Over the past few months, I've built AI agents across different business functions. One thing has become clear: the real value doesn't come from flashy demos or general-purpose AI solutions. It comes from solving small, specific problems that teams face every day.
Here's a short breakdown of what works and what doesn't based on field experience and industry research.
The Problem
AI adoption is accelerating. According to McKinsey, 78% of organizations have deployed AI in at least one function. However, only 26% see consistent, measurable returns.
The disconnect? Many AI projects are over-engineered or misaligned with actual business needs.
Another key reason for failure: poor data hygiene. Even the best models can't perform well if fed incomplete, outdated, or fragmented data. Great AI starts with great data.
What Works
The most effective AI agents I've deployed focused on one narrow task. For example:
- Summarizing internal meeting transcripts into actionable next steps
- Extracting key data points from PDFs and email threads
- Automating customer onboarding with rule-based follow-ups and FAQ responses
These aren't headline-making use cases, but they consistently save time, reduce errors, and make workflows more efficient.
The Hidden Challenges
Shipping an AI agent is only 30% of the job. The harder part is what comes next—monitoring, refining, and getting users to trust and adopt it.

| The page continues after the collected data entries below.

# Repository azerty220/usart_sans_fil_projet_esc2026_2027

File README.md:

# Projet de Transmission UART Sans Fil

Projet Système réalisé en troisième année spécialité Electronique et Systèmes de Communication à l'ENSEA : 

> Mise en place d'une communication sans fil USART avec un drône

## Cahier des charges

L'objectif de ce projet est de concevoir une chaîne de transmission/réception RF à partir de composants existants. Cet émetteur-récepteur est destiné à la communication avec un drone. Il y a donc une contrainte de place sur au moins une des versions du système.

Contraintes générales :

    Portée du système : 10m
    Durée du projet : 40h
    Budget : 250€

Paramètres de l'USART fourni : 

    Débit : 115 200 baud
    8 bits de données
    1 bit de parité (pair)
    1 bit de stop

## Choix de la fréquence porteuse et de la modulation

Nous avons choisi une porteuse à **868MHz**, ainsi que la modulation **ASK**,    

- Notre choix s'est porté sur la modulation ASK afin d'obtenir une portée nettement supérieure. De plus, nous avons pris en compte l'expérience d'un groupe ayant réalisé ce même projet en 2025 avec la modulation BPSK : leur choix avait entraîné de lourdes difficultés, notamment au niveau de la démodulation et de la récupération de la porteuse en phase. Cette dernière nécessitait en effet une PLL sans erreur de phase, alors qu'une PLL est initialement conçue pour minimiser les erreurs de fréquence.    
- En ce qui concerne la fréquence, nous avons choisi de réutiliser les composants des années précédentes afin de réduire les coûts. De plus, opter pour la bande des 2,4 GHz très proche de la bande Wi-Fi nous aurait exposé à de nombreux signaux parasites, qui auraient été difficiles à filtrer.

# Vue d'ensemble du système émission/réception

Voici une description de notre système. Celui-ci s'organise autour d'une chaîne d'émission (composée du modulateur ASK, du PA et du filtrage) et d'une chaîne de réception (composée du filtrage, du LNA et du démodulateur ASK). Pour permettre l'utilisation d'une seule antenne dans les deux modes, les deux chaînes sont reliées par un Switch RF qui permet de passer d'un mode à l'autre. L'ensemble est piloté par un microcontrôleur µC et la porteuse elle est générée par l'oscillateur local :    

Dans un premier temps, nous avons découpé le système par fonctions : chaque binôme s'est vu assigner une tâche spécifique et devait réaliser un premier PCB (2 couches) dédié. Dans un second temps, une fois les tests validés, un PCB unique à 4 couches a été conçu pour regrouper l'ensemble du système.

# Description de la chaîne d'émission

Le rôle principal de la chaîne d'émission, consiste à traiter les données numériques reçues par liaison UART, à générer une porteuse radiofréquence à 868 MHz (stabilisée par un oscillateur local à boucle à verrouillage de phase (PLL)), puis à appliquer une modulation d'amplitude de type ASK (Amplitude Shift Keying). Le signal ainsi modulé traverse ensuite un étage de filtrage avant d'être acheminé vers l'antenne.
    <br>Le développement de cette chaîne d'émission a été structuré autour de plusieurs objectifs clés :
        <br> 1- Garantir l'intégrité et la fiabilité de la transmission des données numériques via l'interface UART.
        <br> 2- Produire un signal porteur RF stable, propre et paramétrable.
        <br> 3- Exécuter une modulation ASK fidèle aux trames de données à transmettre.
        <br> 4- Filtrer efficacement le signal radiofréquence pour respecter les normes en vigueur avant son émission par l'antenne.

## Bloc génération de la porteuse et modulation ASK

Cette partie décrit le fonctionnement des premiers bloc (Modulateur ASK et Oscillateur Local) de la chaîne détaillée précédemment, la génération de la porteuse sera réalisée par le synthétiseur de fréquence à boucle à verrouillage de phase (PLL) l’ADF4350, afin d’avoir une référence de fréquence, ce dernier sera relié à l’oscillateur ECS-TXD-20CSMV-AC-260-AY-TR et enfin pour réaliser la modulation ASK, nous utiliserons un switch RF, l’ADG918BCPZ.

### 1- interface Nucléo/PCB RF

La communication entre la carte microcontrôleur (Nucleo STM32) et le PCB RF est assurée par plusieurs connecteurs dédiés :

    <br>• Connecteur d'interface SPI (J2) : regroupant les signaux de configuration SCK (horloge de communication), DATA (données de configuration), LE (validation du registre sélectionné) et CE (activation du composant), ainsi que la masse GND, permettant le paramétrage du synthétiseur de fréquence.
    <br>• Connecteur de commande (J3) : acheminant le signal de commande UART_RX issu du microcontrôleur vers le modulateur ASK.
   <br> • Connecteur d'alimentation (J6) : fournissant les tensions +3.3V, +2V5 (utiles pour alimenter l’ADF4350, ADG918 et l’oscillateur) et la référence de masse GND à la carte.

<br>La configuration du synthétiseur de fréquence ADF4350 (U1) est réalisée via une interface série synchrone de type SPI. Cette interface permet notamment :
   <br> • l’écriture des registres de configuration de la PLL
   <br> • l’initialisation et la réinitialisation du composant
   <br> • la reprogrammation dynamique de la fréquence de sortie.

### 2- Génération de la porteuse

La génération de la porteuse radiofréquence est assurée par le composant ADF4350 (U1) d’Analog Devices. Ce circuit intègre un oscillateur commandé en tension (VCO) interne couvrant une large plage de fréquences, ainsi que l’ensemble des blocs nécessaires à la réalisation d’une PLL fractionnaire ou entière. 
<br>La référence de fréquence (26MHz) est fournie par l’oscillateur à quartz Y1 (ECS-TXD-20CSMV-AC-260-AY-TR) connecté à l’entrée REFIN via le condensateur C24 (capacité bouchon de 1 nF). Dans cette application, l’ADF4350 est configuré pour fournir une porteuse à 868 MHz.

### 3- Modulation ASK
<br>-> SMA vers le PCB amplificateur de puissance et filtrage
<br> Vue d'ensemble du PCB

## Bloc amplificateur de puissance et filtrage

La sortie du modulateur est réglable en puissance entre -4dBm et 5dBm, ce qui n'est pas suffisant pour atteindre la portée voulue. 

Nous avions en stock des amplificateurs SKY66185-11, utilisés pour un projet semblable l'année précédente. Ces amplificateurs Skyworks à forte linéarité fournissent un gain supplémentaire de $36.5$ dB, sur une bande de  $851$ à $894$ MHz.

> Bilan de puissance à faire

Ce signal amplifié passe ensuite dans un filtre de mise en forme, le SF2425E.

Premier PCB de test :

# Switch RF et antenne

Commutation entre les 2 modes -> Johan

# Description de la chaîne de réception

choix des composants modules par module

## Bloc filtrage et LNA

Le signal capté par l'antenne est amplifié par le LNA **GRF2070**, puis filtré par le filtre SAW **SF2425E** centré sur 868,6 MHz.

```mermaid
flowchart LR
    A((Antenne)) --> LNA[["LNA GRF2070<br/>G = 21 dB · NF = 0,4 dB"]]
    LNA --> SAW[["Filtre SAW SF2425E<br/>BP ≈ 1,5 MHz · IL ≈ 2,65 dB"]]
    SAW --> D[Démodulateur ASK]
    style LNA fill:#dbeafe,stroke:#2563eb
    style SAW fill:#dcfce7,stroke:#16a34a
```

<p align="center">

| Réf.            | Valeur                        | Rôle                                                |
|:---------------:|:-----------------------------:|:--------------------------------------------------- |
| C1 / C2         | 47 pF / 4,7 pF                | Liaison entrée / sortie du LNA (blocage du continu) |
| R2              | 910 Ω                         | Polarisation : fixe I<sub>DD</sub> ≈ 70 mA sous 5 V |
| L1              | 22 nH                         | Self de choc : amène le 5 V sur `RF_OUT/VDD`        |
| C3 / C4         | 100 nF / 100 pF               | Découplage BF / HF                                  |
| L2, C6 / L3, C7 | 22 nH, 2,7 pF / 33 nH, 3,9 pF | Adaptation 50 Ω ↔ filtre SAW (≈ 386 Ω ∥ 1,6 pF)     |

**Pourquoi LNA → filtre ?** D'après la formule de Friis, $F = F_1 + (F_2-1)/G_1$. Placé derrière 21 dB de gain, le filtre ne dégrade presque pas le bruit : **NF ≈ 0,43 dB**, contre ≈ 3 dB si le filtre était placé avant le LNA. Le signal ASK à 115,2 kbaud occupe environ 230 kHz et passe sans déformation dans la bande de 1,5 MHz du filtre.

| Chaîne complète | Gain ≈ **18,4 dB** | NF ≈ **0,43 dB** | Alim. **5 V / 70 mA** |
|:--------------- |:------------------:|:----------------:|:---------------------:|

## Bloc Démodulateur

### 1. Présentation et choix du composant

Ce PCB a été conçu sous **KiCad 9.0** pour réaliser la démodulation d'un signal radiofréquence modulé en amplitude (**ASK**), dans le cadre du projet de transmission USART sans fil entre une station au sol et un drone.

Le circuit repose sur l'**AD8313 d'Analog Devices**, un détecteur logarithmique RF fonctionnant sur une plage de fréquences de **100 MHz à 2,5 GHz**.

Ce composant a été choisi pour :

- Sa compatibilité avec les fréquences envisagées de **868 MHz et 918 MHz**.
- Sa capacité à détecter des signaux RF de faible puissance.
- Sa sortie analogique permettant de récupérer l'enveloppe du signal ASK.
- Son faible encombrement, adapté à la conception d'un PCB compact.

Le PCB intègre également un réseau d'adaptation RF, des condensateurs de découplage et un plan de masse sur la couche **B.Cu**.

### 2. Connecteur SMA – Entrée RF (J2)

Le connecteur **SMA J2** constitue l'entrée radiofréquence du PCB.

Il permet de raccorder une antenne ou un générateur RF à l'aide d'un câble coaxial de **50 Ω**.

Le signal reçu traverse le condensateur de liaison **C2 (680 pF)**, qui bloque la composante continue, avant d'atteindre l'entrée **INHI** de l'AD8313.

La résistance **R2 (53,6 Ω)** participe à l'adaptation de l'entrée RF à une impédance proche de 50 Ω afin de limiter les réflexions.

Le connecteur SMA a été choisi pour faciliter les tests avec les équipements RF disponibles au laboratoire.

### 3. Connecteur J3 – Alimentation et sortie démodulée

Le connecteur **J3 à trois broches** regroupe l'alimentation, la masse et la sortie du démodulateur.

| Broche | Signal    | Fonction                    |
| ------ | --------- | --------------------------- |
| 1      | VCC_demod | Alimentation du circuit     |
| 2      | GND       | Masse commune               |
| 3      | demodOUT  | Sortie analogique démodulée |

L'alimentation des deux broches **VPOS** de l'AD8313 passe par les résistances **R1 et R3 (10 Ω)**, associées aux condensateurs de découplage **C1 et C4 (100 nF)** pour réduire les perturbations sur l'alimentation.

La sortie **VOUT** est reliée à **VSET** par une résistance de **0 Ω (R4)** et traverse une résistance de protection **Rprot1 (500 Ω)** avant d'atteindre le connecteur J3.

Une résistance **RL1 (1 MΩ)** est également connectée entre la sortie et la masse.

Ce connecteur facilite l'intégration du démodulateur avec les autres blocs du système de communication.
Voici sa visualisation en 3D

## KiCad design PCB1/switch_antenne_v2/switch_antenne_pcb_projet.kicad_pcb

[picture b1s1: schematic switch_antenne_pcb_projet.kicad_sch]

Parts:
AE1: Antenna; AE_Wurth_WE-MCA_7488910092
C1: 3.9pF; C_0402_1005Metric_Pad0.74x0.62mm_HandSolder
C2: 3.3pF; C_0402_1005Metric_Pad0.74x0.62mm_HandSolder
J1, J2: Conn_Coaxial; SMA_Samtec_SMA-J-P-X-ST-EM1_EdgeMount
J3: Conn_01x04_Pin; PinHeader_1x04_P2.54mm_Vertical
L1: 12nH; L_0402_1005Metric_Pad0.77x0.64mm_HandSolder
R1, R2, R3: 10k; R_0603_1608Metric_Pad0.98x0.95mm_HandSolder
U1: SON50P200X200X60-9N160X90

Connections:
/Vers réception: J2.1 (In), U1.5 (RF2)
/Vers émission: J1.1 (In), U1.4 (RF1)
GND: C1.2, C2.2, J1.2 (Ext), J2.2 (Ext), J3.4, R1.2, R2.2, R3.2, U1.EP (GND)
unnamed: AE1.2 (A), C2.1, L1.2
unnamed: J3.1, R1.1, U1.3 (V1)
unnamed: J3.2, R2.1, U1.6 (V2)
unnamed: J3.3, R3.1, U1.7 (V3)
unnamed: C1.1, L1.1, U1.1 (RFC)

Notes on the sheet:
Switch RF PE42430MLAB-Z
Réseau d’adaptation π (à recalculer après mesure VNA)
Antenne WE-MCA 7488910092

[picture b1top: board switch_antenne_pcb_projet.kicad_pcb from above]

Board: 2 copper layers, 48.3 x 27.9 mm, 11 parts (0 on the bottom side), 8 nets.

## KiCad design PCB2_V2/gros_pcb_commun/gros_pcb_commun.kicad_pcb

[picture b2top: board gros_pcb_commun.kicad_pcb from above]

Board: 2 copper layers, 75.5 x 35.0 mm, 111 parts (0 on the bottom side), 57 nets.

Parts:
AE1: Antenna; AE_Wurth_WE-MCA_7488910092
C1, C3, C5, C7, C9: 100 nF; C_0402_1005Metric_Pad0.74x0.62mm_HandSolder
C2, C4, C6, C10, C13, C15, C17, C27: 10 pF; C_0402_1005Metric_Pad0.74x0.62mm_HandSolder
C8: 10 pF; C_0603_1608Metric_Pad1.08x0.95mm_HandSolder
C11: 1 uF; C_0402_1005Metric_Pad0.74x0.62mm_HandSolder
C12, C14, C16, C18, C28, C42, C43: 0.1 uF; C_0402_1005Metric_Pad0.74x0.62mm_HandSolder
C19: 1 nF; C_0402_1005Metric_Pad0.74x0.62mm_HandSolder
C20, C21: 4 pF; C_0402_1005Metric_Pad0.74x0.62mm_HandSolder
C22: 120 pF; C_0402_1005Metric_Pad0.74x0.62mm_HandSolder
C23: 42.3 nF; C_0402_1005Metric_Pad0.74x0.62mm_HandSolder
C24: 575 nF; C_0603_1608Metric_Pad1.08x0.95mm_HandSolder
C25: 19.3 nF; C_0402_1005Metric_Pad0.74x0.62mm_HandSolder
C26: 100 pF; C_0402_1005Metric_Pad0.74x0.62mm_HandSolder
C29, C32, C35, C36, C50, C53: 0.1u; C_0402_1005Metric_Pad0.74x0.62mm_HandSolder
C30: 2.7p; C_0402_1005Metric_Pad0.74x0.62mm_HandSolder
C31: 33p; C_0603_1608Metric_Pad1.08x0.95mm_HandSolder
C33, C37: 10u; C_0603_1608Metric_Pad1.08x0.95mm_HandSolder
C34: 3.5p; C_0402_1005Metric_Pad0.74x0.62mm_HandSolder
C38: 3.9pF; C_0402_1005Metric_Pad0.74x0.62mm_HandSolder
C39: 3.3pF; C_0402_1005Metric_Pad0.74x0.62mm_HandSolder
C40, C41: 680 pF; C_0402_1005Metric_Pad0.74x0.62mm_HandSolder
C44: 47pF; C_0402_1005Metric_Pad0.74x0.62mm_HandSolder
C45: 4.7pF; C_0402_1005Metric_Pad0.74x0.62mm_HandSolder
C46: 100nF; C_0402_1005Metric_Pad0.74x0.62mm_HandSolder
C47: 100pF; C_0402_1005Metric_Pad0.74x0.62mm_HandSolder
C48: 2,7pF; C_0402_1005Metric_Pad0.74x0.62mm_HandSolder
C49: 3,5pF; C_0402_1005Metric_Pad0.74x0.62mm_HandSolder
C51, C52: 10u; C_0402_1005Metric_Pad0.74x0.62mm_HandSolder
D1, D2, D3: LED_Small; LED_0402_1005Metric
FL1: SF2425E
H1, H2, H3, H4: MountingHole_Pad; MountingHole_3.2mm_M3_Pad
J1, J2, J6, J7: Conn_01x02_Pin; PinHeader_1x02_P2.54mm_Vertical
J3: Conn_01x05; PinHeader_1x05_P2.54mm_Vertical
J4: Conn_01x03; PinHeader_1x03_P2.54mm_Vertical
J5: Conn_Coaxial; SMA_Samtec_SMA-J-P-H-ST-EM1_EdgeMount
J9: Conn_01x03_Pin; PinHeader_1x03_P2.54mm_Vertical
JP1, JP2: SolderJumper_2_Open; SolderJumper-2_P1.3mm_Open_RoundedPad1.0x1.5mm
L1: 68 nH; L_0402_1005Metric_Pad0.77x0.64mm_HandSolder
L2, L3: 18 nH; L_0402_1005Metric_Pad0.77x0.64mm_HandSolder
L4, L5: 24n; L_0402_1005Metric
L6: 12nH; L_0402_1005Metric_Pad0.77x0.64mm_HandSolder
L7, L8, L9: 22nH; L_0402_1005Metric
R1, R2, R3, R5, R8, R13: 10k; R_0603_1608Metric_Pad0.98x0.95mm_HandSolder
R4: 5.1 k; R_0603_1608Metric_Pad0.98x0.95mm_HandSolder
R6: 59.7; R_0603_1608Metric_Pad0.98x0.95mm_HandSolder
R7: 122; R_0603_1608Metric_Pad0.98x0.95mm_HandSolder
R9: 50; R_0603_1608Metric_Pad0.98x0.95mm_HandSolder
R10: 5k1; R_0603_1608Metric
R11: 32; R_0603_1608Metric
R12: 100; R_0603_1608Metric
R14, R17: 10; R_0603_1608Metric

Even highly capable agents can fail if they don't integrate seamlessly into existing workflows or deliver measurable value to the end user.
What I Recommend
Here's what's worked well in my deployments:
- Keep it simple - Skip unnecessary complexity. Focus on making it useful and reliable.
- Feedback loops are non-negotiable - Actively capture user ratings, corrections, and edge cases.
- Get quick wins - A basic, functioning agent builds more momentum than a polished prototype that never ships.
- Get your data strategy right - Audit, organize, and structure your data before building. It will make or break your agent's performance.
Final Thought
Think of your AI agent like a junior teammate. You wouldn't onboard them once and disappear. You'd check in, give feedback, and help them improve. The same applies here. AI agents only create value when coached, refined, and measured against real outcomes.
The companies winning with AI today aren't using it to replace people. They're using it to reduce the manual grind and increase operational leverage, one workflow at a time.